■ What you have to do ■
Set down exactly the lines of the listing below that begin at the one containing "layer by layer" and end at the last line, both included.

■ Records supplied ■
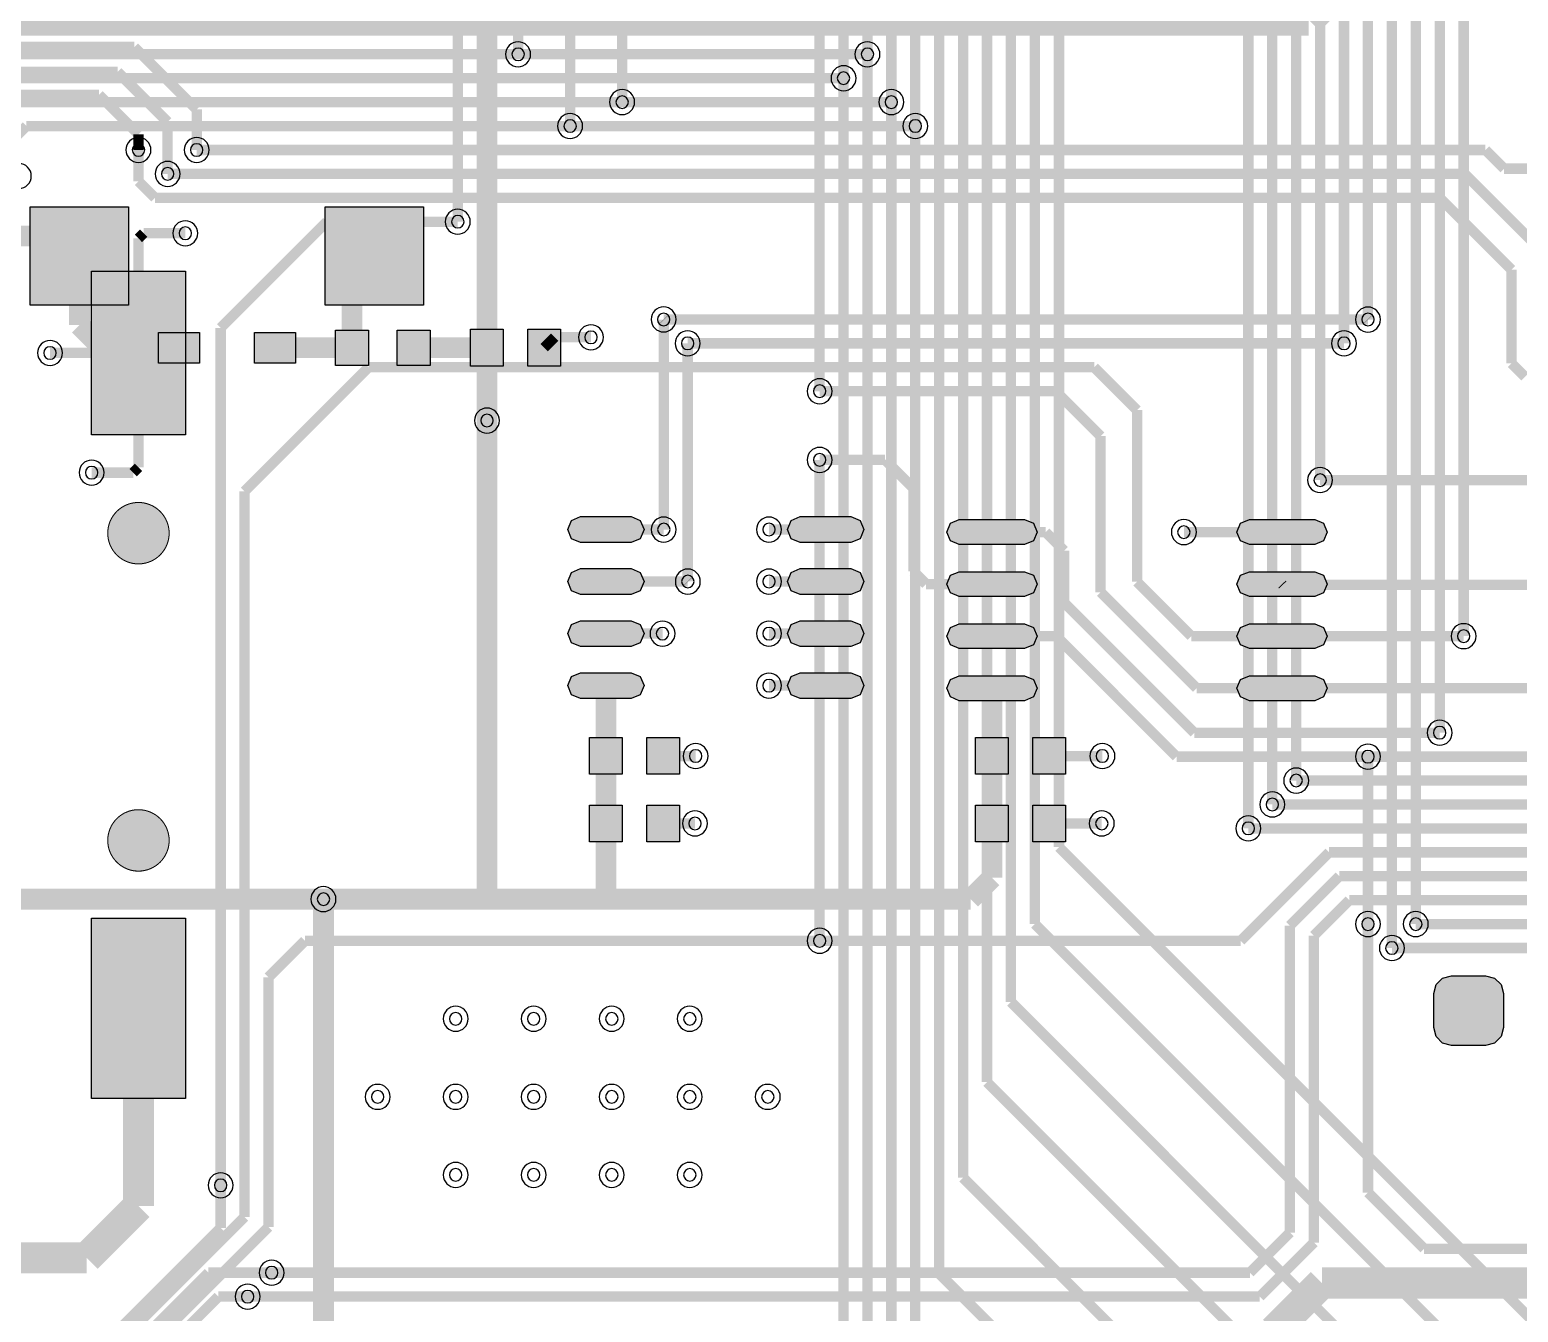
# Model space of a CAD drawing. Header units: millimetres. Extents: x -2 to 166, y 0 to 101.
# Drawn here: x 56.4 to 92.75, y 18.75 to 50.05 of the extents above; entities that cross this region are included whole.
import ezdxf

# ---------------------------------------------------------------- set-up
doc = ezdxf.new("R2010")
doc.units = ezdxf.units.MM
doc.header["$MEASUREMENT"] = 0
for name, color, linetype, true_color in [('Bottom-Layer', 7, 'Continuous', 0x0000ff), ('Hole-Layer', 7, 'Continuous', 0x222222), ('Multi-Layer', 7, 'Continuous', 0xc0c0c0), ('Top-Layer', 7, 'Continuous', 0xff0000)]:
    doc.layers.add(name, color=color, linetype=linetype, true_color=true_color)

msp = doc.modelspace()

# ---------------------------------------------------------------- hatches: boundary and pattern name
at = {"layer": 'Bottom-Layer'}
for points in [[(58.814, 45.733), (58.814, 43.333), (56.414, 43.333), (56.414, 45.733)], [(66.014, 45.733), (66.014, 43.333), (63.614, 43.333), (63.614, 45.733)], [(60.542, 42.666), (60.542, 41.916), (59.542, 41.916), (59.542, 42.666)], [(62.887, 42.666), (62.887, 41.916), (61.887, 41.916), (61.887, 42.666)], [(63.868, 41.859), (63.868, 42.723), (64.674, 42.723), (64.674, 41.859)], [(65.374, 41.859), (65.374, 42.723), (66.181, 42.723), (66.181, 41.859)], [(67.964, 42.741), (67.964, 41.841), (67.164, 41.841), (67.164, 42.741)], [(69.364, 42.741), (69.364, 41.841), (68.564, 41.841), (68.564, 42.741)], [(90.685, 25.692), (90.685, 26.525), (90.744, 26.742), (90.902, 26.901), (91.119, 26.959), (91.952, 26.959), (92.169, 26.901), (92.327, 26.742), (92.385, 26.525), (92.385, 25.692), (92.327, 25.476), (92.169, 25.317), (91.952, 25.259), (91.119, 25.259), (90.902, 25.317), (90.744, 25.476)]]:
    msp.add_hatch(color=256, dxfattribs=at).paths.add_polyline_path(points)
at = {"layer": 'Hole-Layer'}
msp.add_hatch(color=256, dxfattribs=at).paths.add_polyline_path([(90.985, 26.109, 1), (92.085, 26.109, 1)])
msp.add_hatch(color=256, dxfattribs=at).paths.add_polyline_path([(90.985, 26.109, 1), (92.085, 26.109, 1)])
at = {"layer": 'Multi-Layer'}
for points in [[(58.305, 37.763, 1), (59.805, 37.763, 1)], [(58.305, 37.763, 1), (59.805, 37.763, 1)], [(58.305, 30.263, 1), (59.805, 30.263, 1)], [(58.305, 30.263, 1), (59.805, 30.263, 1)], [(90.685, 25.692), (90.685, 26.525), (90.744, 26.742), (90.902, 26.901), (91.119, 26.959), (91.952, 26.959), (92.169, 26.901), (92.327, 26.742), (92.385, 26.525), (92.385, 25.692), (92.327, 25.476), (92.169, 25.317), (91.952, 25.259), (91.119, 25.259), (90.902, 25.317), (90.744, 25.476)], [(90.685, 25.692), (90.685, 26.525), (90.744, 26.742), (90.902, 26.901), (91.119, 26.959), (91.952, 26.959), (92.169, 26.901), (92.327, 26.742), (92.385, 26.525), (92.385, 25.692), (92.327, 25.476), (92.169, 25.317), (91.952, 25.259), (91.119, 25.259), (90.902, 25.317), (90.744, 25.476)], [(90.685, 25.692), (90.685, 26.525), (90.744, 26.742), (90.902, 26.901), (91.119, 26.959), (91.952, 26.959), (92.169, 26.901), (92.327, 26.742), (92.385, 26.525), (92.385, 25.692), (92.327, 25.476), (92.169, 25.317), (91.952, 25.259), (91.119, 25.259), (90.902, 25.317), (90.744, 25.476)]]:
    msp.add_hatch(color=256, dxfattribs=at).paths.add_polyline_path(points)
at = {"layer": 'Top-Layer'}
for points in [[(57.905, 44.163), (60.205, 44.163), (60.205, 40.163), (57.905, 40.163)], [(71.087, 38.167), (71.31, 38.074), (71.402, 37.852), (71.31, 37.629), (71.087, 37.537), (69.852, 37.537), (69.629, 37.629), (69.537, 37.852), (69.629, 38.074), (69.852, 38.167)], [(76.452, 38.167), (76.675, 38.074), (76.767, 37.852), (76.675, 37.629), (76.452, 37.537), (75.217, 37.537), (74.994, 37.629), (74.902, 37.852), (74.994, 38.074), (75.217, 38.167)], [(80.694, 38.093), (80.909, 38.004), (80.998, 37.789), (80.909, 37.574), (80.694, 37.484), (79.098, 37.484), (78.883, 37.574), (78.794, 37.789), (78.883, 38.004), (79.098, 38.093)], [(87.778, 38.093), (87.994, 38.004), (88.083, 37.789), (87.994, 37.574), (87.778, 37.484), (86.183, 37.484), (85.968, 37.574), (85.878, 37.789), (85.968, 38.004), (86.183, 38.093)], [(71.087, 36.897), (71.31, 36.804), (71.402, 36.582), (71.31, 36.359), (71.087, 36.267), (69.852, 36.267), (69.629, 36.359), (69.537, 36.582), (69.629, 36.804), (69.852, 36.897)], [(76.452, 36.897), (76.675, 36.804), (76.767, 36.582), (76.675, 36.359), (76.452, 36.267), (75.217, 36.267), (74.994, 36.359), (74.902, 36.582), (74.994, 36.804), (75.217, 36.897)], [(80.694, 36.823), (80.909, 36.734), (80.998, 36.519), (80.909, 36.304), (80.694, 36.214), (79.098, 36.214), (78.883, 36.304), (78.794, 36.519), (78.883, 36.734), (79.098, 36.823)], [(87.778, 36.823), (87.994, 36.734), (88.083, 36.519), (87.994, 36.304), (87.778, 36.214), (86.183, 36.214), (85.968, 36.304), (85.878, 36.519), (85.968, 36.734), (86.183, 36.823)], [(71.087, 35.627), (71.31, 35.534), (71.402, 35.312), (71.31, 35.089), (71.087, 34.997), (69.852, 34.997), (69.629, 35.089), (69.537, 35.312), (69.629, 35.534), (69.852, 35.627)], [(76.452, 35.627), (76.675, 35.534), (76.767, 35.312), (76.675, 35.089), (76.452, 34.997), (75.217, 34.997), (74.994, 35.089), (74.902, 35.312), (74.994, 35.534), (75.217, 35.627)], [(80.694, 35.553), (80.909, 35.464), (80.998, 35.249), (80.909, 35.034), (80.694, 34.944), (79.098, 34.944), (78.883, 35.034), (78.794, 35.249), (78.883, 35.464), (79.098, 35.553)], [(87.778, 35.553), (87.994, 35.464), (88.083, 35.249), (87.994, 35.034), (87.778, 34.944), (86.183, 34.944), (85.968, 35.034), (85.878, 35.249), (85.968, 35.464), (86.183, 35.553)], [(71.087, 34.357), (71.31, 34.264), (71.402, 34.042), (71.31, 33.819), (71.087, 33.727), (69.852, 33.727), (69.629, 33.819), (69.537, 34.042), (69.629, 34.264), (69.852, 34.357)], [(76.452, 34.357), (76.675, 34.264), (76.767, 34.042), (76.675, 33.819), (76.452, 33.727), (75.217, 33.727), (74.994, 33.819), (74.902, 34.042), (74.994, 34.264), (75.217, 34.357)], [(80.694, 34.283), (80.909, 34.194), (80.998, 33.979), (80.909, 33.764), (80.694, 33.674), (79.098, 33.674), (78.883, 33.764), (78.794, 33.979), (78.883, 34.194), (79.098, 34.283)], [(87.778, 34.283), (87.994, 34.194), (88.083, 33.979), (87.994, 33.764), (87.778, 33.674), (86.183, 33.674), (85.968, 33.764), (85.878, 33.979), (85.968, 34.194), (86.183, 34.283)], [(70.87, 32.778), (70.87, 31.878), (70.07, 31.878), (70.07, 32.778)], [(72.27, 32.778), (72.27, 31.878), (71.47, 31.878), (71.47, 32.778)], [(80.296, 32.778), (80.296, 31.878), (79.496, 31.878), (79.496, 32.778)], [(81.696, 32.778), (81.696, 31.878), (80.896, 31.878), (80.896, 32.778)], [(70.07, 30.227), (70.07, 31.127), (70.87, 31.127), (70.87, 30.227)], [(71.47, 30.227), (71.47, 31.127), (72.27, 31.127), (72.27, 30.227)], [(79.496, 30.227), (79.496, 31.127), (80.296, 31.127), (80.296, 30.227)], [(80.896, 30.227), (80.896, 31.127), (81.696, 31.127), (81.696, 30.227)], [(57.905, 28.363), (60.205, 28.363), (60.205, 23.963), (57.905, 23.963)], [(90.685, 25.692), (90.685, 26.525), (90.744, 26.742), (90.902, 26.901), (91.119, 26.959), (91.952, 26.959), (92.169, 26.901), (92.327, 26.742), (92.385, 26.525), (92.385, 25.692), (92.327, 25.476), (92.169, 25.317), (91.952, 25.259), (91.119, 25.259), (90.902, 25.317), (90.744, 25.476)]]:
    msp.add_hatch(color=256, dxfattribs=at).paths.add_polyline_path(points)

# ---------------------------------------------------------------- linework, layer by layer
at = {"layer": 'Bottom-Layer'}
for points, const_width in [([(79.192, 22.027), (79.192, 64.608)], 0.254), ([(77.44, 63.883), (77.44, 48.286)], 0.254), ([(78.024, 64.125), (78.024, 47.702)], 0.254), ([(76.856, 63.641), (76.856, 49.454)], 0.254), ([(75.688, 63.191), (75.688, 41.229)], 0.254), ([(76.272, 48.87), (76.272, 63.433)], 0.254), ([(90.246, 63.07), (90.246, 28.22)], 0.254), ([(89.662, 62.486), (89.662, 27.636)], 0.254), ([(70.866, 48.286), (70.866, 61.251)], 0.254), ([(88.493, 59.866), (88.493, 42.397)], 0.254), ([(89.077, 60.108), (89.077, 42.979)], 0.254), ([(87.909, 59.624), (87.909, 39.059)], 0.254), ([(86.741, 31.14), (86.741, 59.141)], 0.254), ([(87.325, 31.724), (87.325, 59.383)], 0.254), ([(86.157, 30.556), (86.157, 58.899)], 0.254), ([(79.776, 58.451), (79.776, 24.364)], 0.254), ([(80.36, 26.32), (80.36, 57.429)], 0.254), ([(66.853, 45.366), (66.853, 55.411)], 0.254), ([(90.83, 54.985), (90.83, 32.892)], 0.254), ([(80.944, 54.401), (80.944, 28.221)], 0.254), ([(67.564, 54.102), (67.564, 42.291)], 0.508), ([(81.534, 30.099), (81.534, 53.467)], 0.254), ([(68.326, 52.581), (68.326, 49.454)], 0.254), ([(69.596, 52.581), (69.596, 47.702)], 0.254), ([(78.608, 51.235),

■ Task output ■
# ---------------------------------------------------------------- linework, layer by layer
at = {"layer": 'Bottom-Layer'}
for points, const_width in [([(79.192, 22.027), (79.192, 64.608)], 0.254), ([(77.44, 63.883), (77.44, 48.286)], 0.254), ([(78.024, 64.125), (78.024, 47.702)], 0.254), ([(76.856, 63.641), (76.856, 49.454)], 0.254), ([(75.688, 63.191), (75.688, 41.229)], 0.254), ([(76.272, 48.87), (76.272, 63.433)], 0.254), ([(90.246, 63.07), (90.246, 28.22)], 0.254), ([(89.662, 62.486), (89.662, 27.636)], 0.254), ([(70.866, 48.286), (70.866, 61.251)], 0.254), ([(88.493, 59.866), (88.493, 42.397)], 0.254), ([(89.077, 60.108), (89.077, 42.979)], 0.254), ([(87.909, 59.624), (87.909, 39.059)], 0.254), ([(86.741, 31.14), (86.741, 59.141)], 0.254), ([(87.325, 31.724), (87.325, 59.383)], 0.254), ([(86.157, 30.556), (86.157, 58.899)], 0.254), ([(79.776, 58.451), (79.776, 24.364)], 0.254), ([(80.36, 26.32), (80.36, 57.429)], 0.254), ([(66.853, 45.366), (66.853, 55.411)], 0.254), ([(90.83, 54.985), (90.83, 32.892)], 0.254), ([(80.944, 54.401), (80.944, 28.221)], 0.254), ([(67.564, 54.102), (67.564, 42.291)], 0.508), ([(81.534, 30.099), (81.534, 53.467)], 0.254), ([(68.326, 52.581), (68.326, 49.454)], 0.254), ([(69.596, 52.581), (69.596, 47.702)], 0.254), ([(78.608, 51.235),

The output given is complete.